**RECORDS TO USE:**
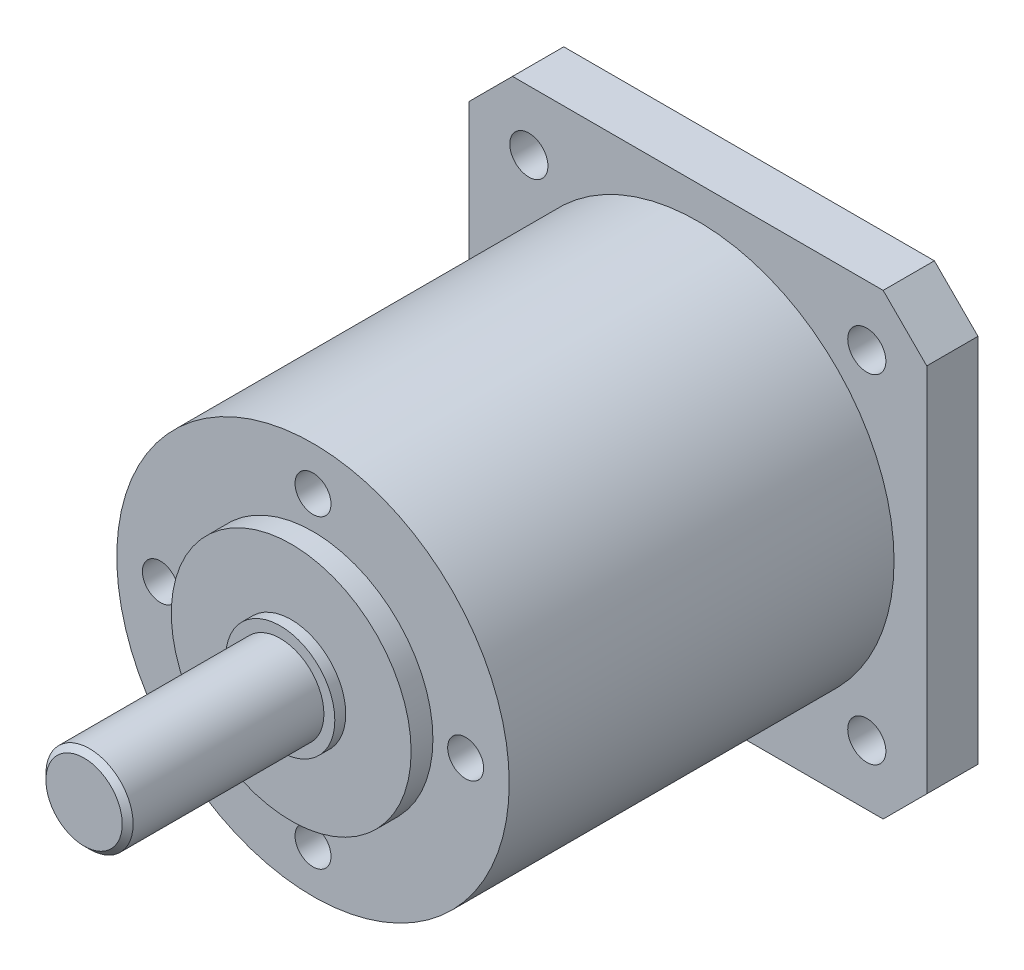
ISO-10303-21;
HEADER;
FILE_DESCRIPTION(('STEP AP214'),'2;1');
FILE_NAME('part.step','',(''),(''),'','','');
FILE_SCHEMA(('AUTOMOTIVE_DESIGN { 1 0 10303 214 1 1 1 1 }'));
ENDSEC;
DATA;
#1=APPLICATION_CONTEXT('core data for automotive mechanical design processes');
#2=APPLICATION_PROTOCOL_DEFINITION('international standard','automotive_design',2000,#1);
#3=PRODUCT_CONTEXT('',#1,'mechanical');
#4=PRODUCT('Part','Part','',(#3));
#5=PRODUCT_RELATED_PRODUCT_CATEGORY('part','',(#4));
#6=PRODUCT_DEFINITION_FORMATION('','',#4);
#7=PRODUCT_DEFINITION_CONTEXT('part definition',#1,'design');
#8=PRODUCT_DEFINITION('design','',#6,#7);
#9=PRODUCT_DEFINITION_SHAPE('','',#8);
#10=(LENGTH_UNIT() NAMED_UNIT(*) SI_UNIT(.MILLI.,.METRE.));
#11=(NAMED_UNIT(*) PLANE_ANGLE_UNIT() SI_UNIT($,.RADIAN.));
#12=(NAMED_UNIT(*) SI_UNIT($,.STERADIAN.) SOLID_ANGLE_UNIT());
#13=UNCERTAINTY_MEASURE_WITH_UNIT(LENGTH_MEASURE(1.E-05),#10,'distance_accuracy_value','');
#14=(GEOMETRIC_REPRESENTATION_CONTEXT(3) GLOBAL_UNCERTAINTY_ASSIGNED_CONTEXT((#13)) GLOBAL_UNIT_ASSIGNED_CONTEXT((#10,
#11,#12)) REPRESENTATION_CONTEXT('',''));
#15=CARTESIAN_POINT('',(0.,0.,0.));
#16=DIRECTION('',(0.,0.,1.));
#17=DIRECTION('',(1.,0.,0.));
#18=AXIS2_PLACEMENT_3D('',#15,#16,#17);
#19=CARTESIAN_POINT('',(-17.,21.,4.7));
#20=DIRECTION('',(0.,-1.,0.));
#21=DIRECTION('',(0.,0.,-1.));
#22=AXIS2_PLACEMENT_3D('',#19,#20,#21);
#23=PLANE('',#22);
#24=DIRECTION('',(-1.,0.,0.));
#25=VECTOR('',#24,1.);
#26=CARTESIAN_POINT('',(-17.,21.,0.));
#27=LINE('',#26,#25);
#28=CARTESIAN_POINT('',(17.,21.,0.));
#29=VERTEX_POINT('',#28);
#30=CARTESIAN_POINT('',(-17.,21.,0.));
#31=VERTEX_POINT('',#30);
#32=EDGE_CURVE('E143',#29,#31,#27,.T.);
#33=ORIENTED_EDGE('',*,*,#32,.T.);
#34=DIRECTION('',(0.,0.,-1.));
#35=VECTOR('',#34,1.);
#36=CARTESIAN_POINT('',(-17.,21.,4.7));
#37=LINE('',#36,#35);
#38=CARTESIAN_POINT('',(-17.,21.,4.7));
#39=VERTEX_POINT('',#38);
#40=EDGE_CURVE('E171',#39,#31,#37,.T.);
#41=ORIENTED_EDGE('',*,*,#40,.F.);
#42=DIRECTION('',(-1.,0.,0.));
#43=VECTOR('',#42,1.);
#44=CARTESIAN_POINT('',(-17.,21.,4.7));
#45=LINE('',#44,#43);
#46=CARTESIAN_POINT('',(17.,21.,4.7));
#47=VERTEX_POINT('',#46);
#48=EDGE_CURVE('E158',#47,#39,#45,.T.);
#49=ORIENTED_EDGE('',*,*,#48,.F.);
#50=DIRECTION('',(0.,0.,-1.));
#51=VECTOR('',#50,1.);
#52=CARTESIAN_POINT('',(17.,21.,4.7));
#53=LINE('',#52,#51);
#54=EDGE_CURVE('E139',#47,#29,#53,.T.);
#55=ORIENTED_EDGE('',*,*,#54,.T.);
#56=EDGE_LOOP('',(#33,#41,#49,#55));
#57=FACE_BOUND('',#56,.T.);
#58=ADVANCED_FACE('F41',(#57),#23,.F.);
#59=CARTESIAN_POINT('',(-21.,17.,4.7));
#60=DIRECTION('',(0.707106781186548,-0.707106781186548,0.));
#61=DIRECTION('',(0.707106781186548,0.707106781186548,0.));
#62=AXIS2_PLACEMENT_3D('',#59,#60,#61);
#63=PLANE('',#62);
#64=DIRECTION('',(-0.707106781186548,-0.707106781186548,0.));
#65=VECTOR('',#64,1.);
#66=CARTESIAN_POINT('',(-21.,17.,0.));
#67=LINE('',#66,#65);
#68=CARTESIAN_POINT('',(-21.,17.,0.));
#69=VERTEX_POINT('',#68);
#70=EDGE_CURVE('E146',#31,#69,#67,.T.);
#71=ORIENTED_EDGE('',*,*,#70,.T.);
#72=DIRECTION('',(0.,0.,-1.));
#73=VECTOR('',#72,1.);
#74=CARTESIAN_POINT('',(-21.,17.,4.7));
#75=LINE('',#74,#73);
#76=CARTESIAN_POINT('',(-21.,17.,4.7));
#77=VERTEX_POINT('',#76);
#78=EDGE_CURVE('E168',#77,#69,#75,.T.);
#79=ORIENTED_EDGE('',*,*,#78,.F.);
#80=DIRECTION('',(-0.707106781186548,-0.707106781186548,0.));
#81=VECTOR('',#80,1.);
#82=CARTESIAN_POINT('',(-21.,17.,4.7));
#83=LINE('',#82,#81);
#84=EDGE_CURVE('E104',#39,#77,#83,.T.);
#85=ORIENTED_EDGE('',*,*,#84,.F.);
#86=ORIENTED_EDGE('',*,*,#40,.T.);
#87=EDGE_LOOP('',(#71,#79,#85,#86));
#88=FACE_BOUND('',#87,.T.);
#89=ADVANCED_FACE('F281',(#88),#63,.F.);
#90=CARTESIAN_POINT('',(-21.,17.,4.7));
#91=DIRECTION('',(1.,0.,0.));
#92=DIRECTION('',(0.,0.,-1.));
#93=AXIS2_PLACEMENT_3D('',#90,#91,#92);
#94=PLANE('',#93);
#95=DIRECTION('',(0.,-1.,0.));
#96=VECTOR('',#95,1.);
#97=CARTESIAN_POINT('',(-21.,17.,0.));
#98=LINE('',#97,#96);
#99=CARTESIAN_POINT('',(-21.,-17.,0.));
#100=VERTEX_POINT('',#99);
#101=EDGE_CURVE('E149',#69,#100,#98,.T.);
#102=ORIENTED_EDGE('',*,*,#101,.T.);
#103=DIRECTION('',(0.,0.,-1.));
#104=VECTOR('',#103,1.);
#105=CARTESIAN_POINT('',(-21.,-17.,4.7));
#106=LINE('',#105,#104);
#107=CARTESIAN_POINT('',(-21.,-17.,4.7));
#108=VERTEX_POINT('',#107);
#109=EDGE_CURVE('E165',#108,#100,#106,.T.);
#110=ORIENTED_EDGE('',*,*,#109,.F.);
#111=DIRECTION('',(0.,-1.,0.));
#112=VECTOR('',#111,1.);
#113=CARTESIAN_POINT('',(-21.,17.,4.7));
#114=LINE('',#113,#112);
#115=EDGE_CURVE('E248',#77,#108,#114,.T.);
#116=ORIENTED_EDGE('',*,*,#115,.F.);
#117=ORIENTED_EDGE('',*,*,#78,.T.);
#118=EDGE_LOOP('',(#102,#110,#116,#117));
#119=FACE_BOUND('',#118,.T.);
#120=ADVANCED_FACE('F285',(#119),#94,.F.);
#121=CARTESIAN_POINT('',(-21.,-17.,4.7));
#122=DIRECTION('',(0.707106781186548,0.707106781186548,0.));
#123=DIRECTION('',(-0.707106781186548,0.707106781186548,0.));
#124=AXIS2_PLACEMENT_3D('',#121,#122,#123);
#125=PLANE('',#124);
#126=DIRECTION('',(0.707106781186548,-0.707106781186548,0.));
#127=VECTOR('',#126,1.);
#128=CARTESIAN_POINT('',(-21.,-17.,0.));
#129=LINE('',#128,#127);
#130=CARTESIAN_POINT('',(-17.,-21.,0.));
#131=VERTEX_POINT('',#130);
#132=EDGE_CURVE('E151',#100,#131,#129,.T.);
#133=ORIENTED_EDGE('',*,*,#132,.T.);
#134=DIRECTION('',(0.,0.,-1.));
#135=VECTOR('',#134,1.);
#136=CARTESIAN_POINT('',(-17.,-21.,4.7));
#137=LINE('',#136,#135);
#138=CARTESIAN_POINT('',(-17.,-21.,4.7));
#139=VERTEX_POINT('',#138);
#140=EDGE_CURVE('E162',#139,#131,#137,.T.);
#141=ORIENTED_EDGE('',*,*,#140,.F.);
#142=DIRECTION('',(0.707106781186548,-0.707106781186548,0.));
#143=VECTOR('',#142,1.);
#144=CARTESIAN_POINT('',(-21.,-17.,4.7));
#145=LINE('',#144,#143);
#146=EDGE_CURVE('E250',#108,#139,#145,.T.);
#147=ORIENTED_EDGE('',*,*,#146,.F.);
#148=ORIENTED_EDGE('',*,*,#109,.T.);
#149=EDGE_LOOP('',(#133,#141,#147,#148));
#150=FACE_BOUND('',#149,.T.);
#151=ADVANCED_FACE('F256',(#150),#125,.F.);
#152=CARTESIAN_POINT('',(-17.,-21.,4.7));
#153=DIRECTION('',(0.,1.,0.));
#154=DIRECTION('',(0.,0.,1.));
#155=AXIS2_PLACEMENT_3D('',#152,#153,#154);
#156=PLANE('',#155);
#157=DIRECTION('',(1.,0.,0.));
#158=VECTOR('',#157,1.);
#159=CARTESIAN_POINT('',(-17.,-21.,0.));
#160=LINE('',#159,#158);
#161=CARTESIAN_POINT('',(17.,-21.,0.));
#162=VERTEX_POINT('',#161);
#163=EDGE_CURVE('E153',#131,#162,#160,.T.);
#164=ORIENTED_EDGE('',*,*,#163,.T.);
#165=DIRECTION('',(0.,0.,-1.));
#166=VECTOR('',#165,1.);
#167=CARTESIAN_POINT('',(17.,-21.,4.7));
#168=LINE('',#167,#166);
#169=CARTESIAN_POINT('',(17.,-21.,4.7));
#170=VERTEX_POINT('',#169);
#171=EDGE_CURVE('E134',#170,#162,#168,.T.);
#172=ORIENTED_EDGE('',*,*,#171,.F.);
#173=DIRECTION('',(1.,0.,0.));
#174=VECTOR('',#173,1.);
#175=CARTESIAN_POINT('',(-17.,-21.,4.7));
#176=LINE('',#175,#174);
#177=EDGE_CURVE('E125',#139,#170,#176,.T.);
#178=ORIENTED_EDGE('',*,*,#177,.F.);
#179=ORIENTED_EDGE('',*,*,#140,.T.);
#180=EDGE_LOOP('',(#164,#172,#178,#179));
#181=FACE_BOUND('',#180,.T.);
#182=ADVANCED_FACE('F260',(#181),#156,.F.);
#183=CARTESIAN_POINT('',(17.,-21.,4.7));
#184=DIRECTION('',(-0.707106781186548,0.707106781186548,0.));
#185=DIRECTION('',(-0.707106781186548,-0.707106781186548,0.));
#186=AXIS2_PLACEMENT_3D('',#183,#184,#185);
#187=PLANE('',#186);
#188=DIRECTION('',(0.707106781186548,0.707106781186548,0.));
#189=VECTOR('',#188,1.);
#190=CARTESIAN_POINT('',(17.,-21.,0.));
#191=LINE('',#190,#189);
#192=CARTESIAN_POINT('',(21.,-17.,0.));
#193=VERTEX_POINT('',#192);
#194=EDGE_CURVE('E133',#162,#193,#191,.T.);
#195=ORIENTED_EDGE('',*,*,#194,.T.);
#196=DIRECTION('',(0.,0.,-1.));
#197=VECTOR('',#196,1.);
#198=CARTESIAN_POINT('',(21.,-17.,4.7));
#199=LINE('',#198,#197);
#200=CARTESIAN_POINT('',(21.,-17.,4.7));
#201=VERTEX_POINT('',#200);
#202=EDGE_CURVE('E130',#201,#193,#199,.T.);
#203=ORIENTED_EDGE('',*,*,#202,.F.);
#204=DIRECTION('',(0.707106781186548,0.707106781186548,0.));
#205=VECTOR('',#204,1.);
#206=CARTESIAN_POINT('',(17.,-21.,4.7));
#207=LINE('',#206,#205);
#208=EDGE_CURVE('E119',#170,#201,#207,.T.);
#209=ORIENTED_EDGE('',*,*,#208,.F.);
#210=ORIENTED_EDGE('',*,*,#171,.T.);
#211=EDGE_LOOP('',(#195,#203,#209,#210));
#212=FACE_BOUND('',#211,.T.);
#213=ADVANCED_FACE('F131',(#212),#187,.F.);
#214=CARTESIAN_POINT('',(21.,17.,4.7));
#215=DIRECTION('',(-1.,0.,0.));
#216=DIRECTION('',(0.,0.,1.));
#217=AXIS2_PLACEMENT_3D('',#214,#215,#216);
#218=PLANE('',#217);
#219=DIRECTION('',(0.,1.,0.));
#220=VECTOR('',#219,1.);
#221=CARTESIAN_POINT('',(21.,17.,0.));
#222=LINE('',#221,#220);
#223=CARTESIAN_POINT('',(21.,17.,0.));
#224=VERTEX_POINT('',#223);
#225=EDGE_CURVE('E89',#193,#224,#222,.T.);
#226=ORIENTED_EDGE('',*,*,#225,.T.);
#227=DIRECTION('',(0.,0.,-1.));
#228=VECTOR('',#227,1.);
#229=CARTESIAN_POINT('',(21.,17.,4.7));
#230=LINE('',#229,#228);
#231=CARTESIAN_POINT('',(21.,17.,4.7));
#232=VERTEX_POINT('',#231);
#233=EDGE_CURVE('E135',#232,#224,#230,.T.);
#234=ORIENTED_EDGE('',*,*,#233,.F.);
#235=DIRECTION('',(0.,1.,0.));
#236=VECTOR('',#235,1.);
#237=CARTESIAN_POINT('',(21.,17.,4.7));
#238=LINE('',#237,#236);
#239=EDGE_CURVE('E123',#201,#232,#238,.T.);
#240=ORIENTED_EDGE('',*,*,#239,.F.);
#241=ORIENTED_EDGE('',*,*,#202,.T.);
#242=EDGE_LOOP('',(#226,#234,#240,#241));
#243=FACE_BOUND('',#242,.T.);
#244=ADVANCED_FACE('F137',(#243),#218,.F.);
#245=CARTESIAN_POINT('',(17.,21.,4.7));
#246=DIRECTION('',(-0.707106781186548,-0.707106781186548,0.));
#247=DIRECTION('',(0.707106781186548,-0.707106781186548,0.));
#248=AXIS2_PLACEMENT_3D('',#245,#246,#247);
#249=PLANE('',#248);
#250=DIRECTION('',(-0.707106781186548,0.707106781186548,0.));
#251=VECTOR('',#250,1.);
#252=CARTESIAN_POINT('',(17.,21.,0.));
#253=LINE('',#252,#251);
#254=EDGE_CURVE('E95',#224,#29,#253,.T.);
#255=ORIENTED_EDGE('',*,*,#254,.T.);
#256=ORIENTED_EDGE('',*,*,#54,.F.);
#257=DIRECTION('',(-0.707106781186548,0.707106781186548,0.));
#258=VECTOR('',#257,1.);
#259=CARTESIAN_POINT('',(17.,21.,4.7));
#260=LINE('',#259,#258);
#261=EDGE_CURVE('E59',#232,#47,#260,.T.);
#262=ORIENTED_EDGE('',*,*,#261,.F.);
#263=ORIENTED_EDGE('',*,*,#233,.T.);
#264=EDGE_LOOP('',(#255,#256,#262,#263));
#265=FACE_BOUND('',#264,.T.);
#266=ADVANCED_FACE('F268',(#265),#249,.F.);
#267=CARTESIAN_POINT('',(0.,0.,4.7));
#268=DIRECTION('',(0.,0.,-1.));
#269=DIRECTION('',(-1.,0.,0.));
#270=AXIS2_PLACEMENT_3D('',#267,#268,#269);
#271=PLANE('',#270);
#272=CARTESIAN_POINT('',(-15.5,-15.5,4.7));
#273=DIRECTION('',(0.,0.,-1.));
#274=DIRECTION('',(-1.,0.,0.));
#275=AXIS2_PLACEMENT_3D('',#272,#273,#274);
#276=CIRCLE('',#275,1.74999999999999);
#277=CARTESIAN_POINT('',(-17.25,-15.5,4.7));
#278=VERTEX_POINT('',#277);
#279=EDGE_CURVE('E221',#278,#278,#276,.T.);
#280=ORIENTED_EDGE('',*,*,#279,.T.);
#281=EDGE_LOOP('',(#280));
#282=FACE_BOUND('',#281,.T.);
#283=CARTESIAN_POINT('',(15.5,15.5,4.7));
#284=DIRECTION('',(0.,0.,-1.));
#285=DIRECTION('',(-1.,0.,0.));
#286=AXIS2_PLACEMENT_3D('',#283,#284,#285);
#287=CIRCLE('',#286,1.74999999999999);
#288=CARTESIAN_POINT('',(13.75,15.5,4.7));
#289=VERTEX_POINT('',#288);
#290=EDGE_CURVE('E227',#289,#289,#287,.T.);
#291=ORIENTED_EDGE('',*,*,#290,.T.);
#292=EDGE_LOOP('',(#291));
#293=FACE_BOUND('',#292,.T.);
#294=CARTESIAN_POINT('',(15.5,-15.5,4.7));
#295=DIRECTION('',(0.,0.,-1.));
#296=DIRECTION('',(-1.,0.,0.));
#297=AXIS2_PLACEMENT_3D('',#294,#295,#296);
#298=CIRCLE('',#297,1.74999999999999);
#299=CARTESIAN_POINT('',(13.75,-15.5,4.7));
#300=VERTEX_POINT('',#299);
#301=EDGE_CURVE('E233',#300,#300,#298,.T.);
#302=ORIENTED_EDGE('',*,*,#301,.T.);
#303=EDGE_LOOP('',(#302));
#304=FACE_BOUND('',#303,.T.);
#305=CARTESIAN_POINT('',(-15.5,15.5,4.7));
#306=DIRECTION('',(0.,0.,-1.));
#307=DIRECTION('',(-1.,0.,0.));
#308=AXIS2_PLACEMENT_3D('',#305,#306,#307);
#309=CIRCLE('',#308,1.74999999999999);
#310=CARTESIAN_POINT('',(-17.25,15.5,4.7));
#311=VERTEX_POINT('',#310);
#312=EDGE_CURVE('E239',#311,#311,#309,.T.);
#313=ORIENTED_EDGE('',*,*,#312,.T.);
#314=EDGE_LOOP('',(#313));
#315=FACE_BOUND('',#314,.T.);
#316=CARTESIAN_POINT('',(0.,0.,4.7));
#317=DIRECTION('',(0.,0.,1.));
#318=DIRECTION('',(1.,0.,0.));
#319=AXIS2_PLACEMENT_3D('',#316,#317,#318);
#320=CIRCLE('',#319,18.);
#321=CARTESIAN_POINT('',(18.,0.,4.7));
#322=VERTEX_POINT('',#321);
#323=EDGE_CURVE('E172',#322,#322,#320,.T.);
#324=ORIENTED_EDGE('',*,*,#323,.F.);
#325=EDGE_LOOP('',(#324));
#326=FACE_BOUND('',#325,.T.);
#327=ORIENTED_EDGE('',*,*,#48,.T.);
#328=ORIENTED_EDGE('',*,*,#84,.T.);
#329=ORIENTED_EDGE('',*,*,#115,.T.);
#330=ORIENTED_EDGE('',*,*,#146,.T.);
#331=ORIENTED_EDGE('',*,*,#177,.T.);
#332=ORIENTED_EDGE('',*,*,#208,.T.);
#333=ORIENTED_EDGE('',*,*,#239,.T.);
#334=ORIENTED_EDGE('',*,*,#261,.T.);
#335=EDGE_LOOP('',(#327,#328,#329,#330,#331,#332,#333,#334));
#336=FACE_BOUND('',#335,.T.);
#337=ADVANCED_FACE('F121',(#282,#293,#304,#315,#326,#336),#271,.F.);
#338=CARTESIAN_POINT('',(0.,0.,0.));
#339=DIRECTION('',(0.,0.,-1.));
#340=DIRECTION('',(-1.,0.,0.));
#341=AXIS2_PLACEMENT_3D('',#338,#339,#340);
#342=PLANE('',#341);
#343=CARTESIAN_POINT('',(-15.5,-15.5,0.));
#344=DIRECTION('',(0.,0.,-1.));
#345=DIRECTION('',(-1.,0.,0.));
#346=AXIS2_PLACEMENT_3D('',#343,#344,#345);
#347=CIRCLE('',#346,1.74999999999999);
#348=CARTESIAN_POINT('',(-17.25,-15.5,0.));
#349=VERTEX_POINT('',#348);
#350=EDGE_CURVE('E218',#349,#349,#347,.T.);
#351=ORIENTED_EDGE('',*,*,#350,.F.);
#352=EDGE_LOOP('',(#351));
#353=FACE_BOUND('',#352,.T.);
#354=CARTESIAN_POINT('',(15.5,15.5,0.));
#355=DIRECTION('',(0.,0.,-1.));
#356=DIRECTION('',(-1.,0.,0.));
#357=AXIS2_PLACEMENT_3D('',#354,#355,#356);
#358=CIRCLE('',#357,1.74999999999999);
#359=CARTESIAN_POINT('',(13.75,15.5,0.));
#360=VERTEX_POINT('',#359);
#361=EDGE_CURVE('E224',#360,#360,#358,.T.);
#362=ORIENTED_EDGE('',*,*,#361,.F.);
#363=EDGE_LOOP('',(#362));
#364=FACE_BOUND('',#363,.T.);
#365=CARTESIAN_POINT('',(15.5,-15.5,0.));
#366=DIRECTION('',(0.,0.,-1.));
#367=DIRECTION('',(-1.,0.,0.));
#368=AXIS2_PLACEMENT_3D('',#365,#366,#367);
#369=CIRCLE('',#368,1.74999999999999);
#370=CARTESIAN_POINT('',(13.75,-15.5,0.));
#371=VERTEX_POINT('',#370);
#372=EDGE_CURVE('E230',#371,#371,#369,.T.);
#373=ORIENTED_EDGE('',*,*,#372,.F.);
#374=EDGE_LOOP('',(#373));
#375=FACE_BOUND('',#374,.T.);
#376=CARTESIAN_POINT('',(-15.5,15.5,0.));
#377=DIRECTION('',(0.,0.,-1.));
#378=DIRECTION('',(-1.,0.,0.));
#379=AXIS2_PLACEMENT_3D('',#376,#377,#378);
#380=CIRCLE('',#379,1.74999999999999);
#381=CARTESIAN_POINT('',(-17.25,15.5,0.));
#382=VERTEX_POINT('',#381);
#383=EDGE_CURVE('E236',#382,#382,#380,.T.);
#384=ORIENTED_EDGE('',*,*,#383,.F.);
#385=EDGE_LOOP('',(#384));
#386=FACE_BOUND('',#385,.T.);
#387=ORIENTED_EDGE('',*,*,#32,.F.);
#388=ORIENTED_EDGE('',*,*,#254,.F.);
#389=ORIENTED_EDGE('',*,*,#225,.F.);
#390=ORIENTED_EDGE('',*,*,#194,.F.);
#391=ORIENTED_EDGE('',*,*,#163,.F.);
#392=ORIENTED_EDGE('',*,*,#132,.F.);
#393=ORIENTED_EDGE('',*,*,#101,.F.);
#394=ORIENTED_EDGE('',*,*,#70,.F.);
#395=EDGE_LOOP('',(#387,#388,#389,#390,#391,#392,#393,#394));
#396=FACE_BOUND('',#395,.T.);
#397=ADVANCED_FACE('F263',(#353,#364,#375,#386,#396),#342,.T.);
#398=CARTESIAN_POINT('',(0.,0.,40.));
#399=DIRECTION('',(0.,0.,-1.));
#400=DIRECTION('',(-1.,0.,0.));
#401=AXIS2_PLACEMENT_3D('',#398,#399,#400);
#402=CYLINDRICAL_SURFACE('',#401,18.);
#403=CARTESIAN_POINT('',(0.,0.,40.));
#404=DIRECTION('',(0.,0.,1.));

**EXERCISE:** Retype the entries above exactly, but only from the line containing "#260=LINE('',#259,#258);" through the line containing "#266=ADVANCED_FACE('F268',(#265),#249,.F.);", both included.

**RESPONSE BELOW:**
#260=LINE('',#259,#258);
#261=EDGE_CURVE('E59',#232,#47,#260,.T.);
#262=ORIENTED_EDGE('',*,*,#261,.F.);
#263=ORIENTED_EDGE('',*,*,#233,.T.);
#264=EDGE_LOOP('',(#255,#256,#262,#263));
#265=FACE_BOUND('',#264,.T.);
#266=ADVANCED_FACE('F268',(#265),#249,.F.);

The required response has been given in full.